21. I don’t really know if I want more kids. Having a kid at 17, then another at 25 kinda has me jaded. Real talk. I’ve been a parent for 12 years and after doing it alone for so long, I think I am tired. Of course this is me speaking without the thought of marriage entering the equation. If I ever get married, that tune will probably change but I would need to be reassured and convinced that we both are in for the long haul. Divorce is real and being a single mom with more kids just isn’t something I am envisioning.

22. I want to be a missionary. As crazy as it sounds, I really do. Traveling to foreign countries spreading the gospel seems astounding. Never even been on one mission trip (hoping for Peru in 2011) but for some reason, I have this strong desire to be in the mission field.

23. I want to be a writer full time. I have always loved writing but being a teen mom kinda makes you be a bit more realistic with your career aspirations. I put my dream on a permanent hold and sometimes wonder if I had a different path in life, what kind of books would I have written. Now I am a lover of the mind and helping the wounded well with counseling, but I think more writing is on the horizon.

24. I absolutely love Victory World Church and Fusion. That church and that ministry have literally saved my life. I truly don’t know where I would be had I not taken that leap and come to Victory. I know God is totally working in my favor to restore what has been broken and give me this amazingly abundant life. I have found some of the most amazing friends and developed a community that keeps me on my toes and just in awe of God’s power.

25. I think I am a pretty good friend. My longest friendship has been going 16 years strong and Kisha and I still talk every day like we live right around the corner. I cherish my friends dearly and I am so grateful God is placing more and more people in my life to keep me grounded and sane. From the people I met in Jr. High school to the new faces I meet every week, I am grateful.

I actually didn’t think I could come up with 25 things. Guess when I stopped trying to follow a formula and just started being real, I was able to be more transparent and real with myself.
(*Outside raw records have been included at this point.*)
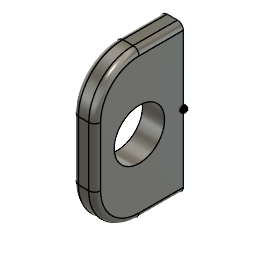
Atlas_Shelf_Corner v.1.0 (Autodesk Fusion 360 archive; units mm, degrees)
design "Atlas_ShelfTab_ST001"
part number: 2026-07-26-16-47-24-662
Autodesk Fusion 360 part; units mm, degrees
sketch "Sketch1" plane through (0, 0, 0) normal (0, 0, 1) x (1, 0, 0)
  line L0 (0.9525, 6.35) -> (-0.9525, 6.35)
  line L1 (-0.9525, 6.35) -> (-0.9525, -6.35)
  line L2 (-0.9525, -6.35) -> (0.9525, -6.35)
  line L3 (0.9525, -6.35) -> (0.9525, 6.35)
  line L4 (0.9525, 6.35) -> (-0.9525, -6.35) construction
  line L5 (-0.9525, 6.35) -> (0.9525, -6.35) construction
  dimension "d7" = 1.905
  dimension "d8" = 12.7
  constraint horizontal L0
  constraint perpendicular L0 L1
  constraint parallel L0 L2
  constraint parallel L1 L3
  constraint coincident L4 origin
  constraint coincident L5 origin
  measures "d7" distance of L1.end L2.end
  measures "d8" distance of L0.end L1.end
extrude "Extrude1" add sketch "Sketch1" along normal blind 7.62
sketch "Sketch2" plane through (0.9525, 0, 0) normal (1, 0, 0) x (0, 0, -1)
  line L0 (0, -6.35) -> (0, 6.35)
  line L1 (0, 6.35) -> (-7.62, 6.35)
  line L2 (-7.62, 6.35) -> (-7.62, -6.35)
  line L3 (-7.62, -6.35) -> (0, -6.35)
  circle A0 centre (-3.7773, 0) radius 2.159
  dimension "d11" = 4.318
  measures "d11" diameter of A0
extrude "Extrude2" cut sketch "Sketch2" against normal blind 12.7 contours A0
sketch "Sketch3" plane through (0, 0, 0) normal (0, 0, -1) x (-1, 0, 0)
  line L0 (-0.9525, 6.35) -> (-0.9525, -6.35)
  line L1 (-0.9525, -6.35) -> (0.9525, -6.35)
  line L2 (0.9525, -6.35) -> (0.9525, 6.35)
  line L3 (0.9525, 6.35) -> (-0.9525, 6.35)
  point P0 (-0.9525, 0)
  constraint midpoint L0 P0
fillet "Fillet1" radius 3.81 2 edges at (0, 6.35, 7.62) (0, -6.35, 7.62)
fillet "Fillet2" radius 0.508 10 edges at (0.9525, -6.35, 1.905) (0.9525, -5.2341, 6.5041) (0.9525, 0, 7.62) (0.9525, 5.2341, 6.5041) (0.9525, 6.35, 1.905) (-0.9525, 6.35, 1.905) (-0.9525, 5.2341, 6.5041) (-0.9525, 0, 7.62) (-0.9525, -5.2341, 6.5041) (-0.9525, -6.35, 1.905)
equation "tabHeight = 0.3 in"
equation "tabWidth = 0.5 in"
equation "tabThickness = 0.075 in"
equation "pinSize = 0.15 in"
equation "pinHoleClearance = 0.02 in"
equation "pinHoleDiameter = pinSize + pinHoleClearance"
equation "d7 = tabThickness"
equation "d8 = tabWidth"
equation "d9 = tabHeight"
equation "d11 = pinHoleDiameter"

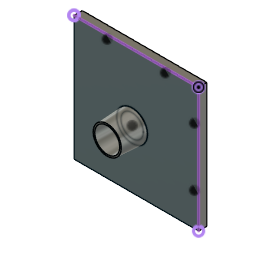
design "Atlas_Shelf_P002"
part number: 2026-07-26-17-04-48-127
Autodesk Fusion 360 part; units mm, degrees
sketch "Sketch1" plane through (0, 0, 0) normal (0, 0, 1) x (1, 0, 0)
  line L0 (19.05, -19.05) -> (-19.05, -19.05)
  line L1 (-19.05, -19.05) -> (-19.05, 19.05)
  line L2 (-19.05, 19.05) -> (19.05, 19.05)
  line L3 (19.05, 19.05) -> (19.05, -19.05)
  line L4 (19.05, -19.05) -> (-19.05, 19.05) construction
  line L5 (-19.05, -19.05) -> (19.05, 19.05) construction
  dimension "d9" = 38.1
  dimension "d10" = 38.1
  constraint horizontal L0
  constraint perpendicular L0 L1
  constraint parallel L0 L2
  constraint parallel L1 L3
  constraint coincident L4 origin
  constraint coincident L5 origin
  measures "d9" distance of L1.end L2.end
  measures "d10" distance of L0.end L1.end
extrude "Extrude1" add sketch "Sketch1" along normal blind 2.54
sketch "Sketch2" plane through (0, 0, 2.54) normal (0, 0, 1) x (1, 0, 0)
  line L0 (19.05, 19.05) -> (-19.05, 19.05)
  line L1 (-19.05, 19.05) -> (-19.05, -19.05)
  line L2 (-19.05, -19.05) -> (19.05, -19.05)
  line L3 (19.05, -19.05) -> (19.05, 19.05)
  line L4 (19.05, 19.05) -> (-19.05, 19.05)
  line L5 (19.05, -19.05) -> (19.05, 19.05)
  line L6 (-19.05, 19.05) -> (19.05, 19.05)
  line L7 (19.05, 19.05) -> (19.05, -19.05)
  circle A0 centre (-1.27, -1.27) radius 4.699
  circle A1 centre (-1.27, -1.27) radius 3.429
  point P0 (17.78, 8.89)
  point P1 (17.78, -8.89)
  dimension "d13" = 10.16
  dimension "d14" = 1.27
  dimension "d15" = 27.94
  dimension "d16" = 1.27
  dimension "d49" = 9.398
  dimension "d50" = 20.32
  dimension "d51" = 20.32
  dimension "d54" = 6.858
  constraint concentric A0 A1
  measures "d13" distance of P0 L4
  measures "d14" distance of P0 L5
  measures "d15" distance of L4 P1
  measures "d16" distance of L5 P1
  measures "d49" diameter of A0
  measures "d50" distance of L0 A0.centre
  measures "d51" distance of L5 A0.centre
  measures "d54" diameter of A1
sketch "Sketch3" plane through (0, 0, 2.54) normal (0, 0, 1) x (1, 0, 0)
  line L0 (19.05, 19.05) -> (-19.05, 19.05)
  line L1 (19.05, -19.05) -> (19.05, 19.05)
  line L2 (19.05, 19.05) -> (-19.05, 19.05)
  point P0 (8.89, 17.78)
  point P1 (-8.89, 17.78)
  dimension "d27" = 1.27
  dimension "d28" = 10.16
  dimension "d29" = 1.27
  dimension "d30" = 27.94
  measures "d27" distance of P0 L0
  measures "d28" distance of P0 L1
  measures "d29" distance of P1 L2
  measures "d30" distance of L1 P1
sketch "Sketch5" plane through (0, 0, 2.54) normal (0, 0, 1) x (1, 0, 0)
extrude "Extrude3" add sketch "Sketch2" along normal blind 7.62 draft -3 contours A0
sketch "Sketch6" plane through (0, 0, 2.54) normal (0, 0, 1) x (1, 0, 0)
  circle A0 centre (-1.27, -1.27) radius 3.175
  point P0 (-1.27, -1.27)
  dimension "d59" = 6.35
  constraint coincident P0 A0.centre
  measures "d59" diameter of A0
extrude "Extrude4" cut sketch "Sketch6" against normal blind 2.54
extrude "Extrude2" [suppressed]
fillet "Fillet1" [suppressed]
equation "shelfThickness = 0.1 in"
equation "shelfWidth = 1.5 in"
equation "shelfDepth = 1.5 in"
equation "trussThickness = 0.1 in"
equation "tabInset = trussThickness / 2"
equation "tabWidth = 0.5 in"
equation "tab1Offset = tabBaseOffset + tabWidth / 2"
equation "tab2Offset = tabBaseOffset + ( tabWidth / 2 ) + tabSeparation"
equation "d9 = shelfWidth"
equation "d10 = shelfDepth"
equation "d11 = shelfThickness"
equation "d13 = tab1Offset"
equation "d14 = tabInset"
equation "d15 = tab2Offset"
equation "d16 = tabInset"
equation "tabBaseOffset = 0.15 in"
equation "tabSeparation = tabWidth + 0.2 in"
equation "d27 = tabInset"
equation "d28 = tab1Offset"
equation "d29 = tabInset"
equation "d30 = tab2Offset"
equation "columnWallThickness = 0.05 in"
equation "columnClearance = 0.25 in"
equation "bossCenterOffset = 0.5 in + columnWallThickness + columnClearance"
equation "bossDiameter = 0.37 in"
equation "bossHeight = 0.3 in"
equation "d49 = bossDiameter"
equation "d50 = bossCenterOffset"
equation "d51 = bossCenterOffset"
equation "bossWallThickness = 0.05 in"
equation "bossInnerDiameter = bossDiameter - 2 * ( bossWallThickness )"
equation "d54 = bossInnerDiameter"
equation "bossTaper = -3"
equation "d56 = bossHeight"
equation "pinDiameter = 0.25 in"
equation "d59 = pinDiameter"

Blogging is so therapeutic.

My Latest Revelation

I must admit that I am going through a rather disconnected time right now. Not sure what it’s about but I think its more so me being stubborn and not being obedient to what God has already told me I need to do. My prayer life and Bible reading has kinda been on the back burner which sucks. Common sense tells me that I know the solution to my problem but oddly enough, I just can’t seem to will myself to get it together. Luckily, my life isn’t in shambles, spiraling out of control, but it could definitely use a spiritual tune up. I kinda think I am holding myself back because of fear, shame and guilt for various reason but that’s for another post. One of those “I don’t even feel like I am worthy to be in God’s presence” type of hindrance. I know He loves and delights in me despite all my hang ups and sin but I am still waiting on my heart to catch up with my head.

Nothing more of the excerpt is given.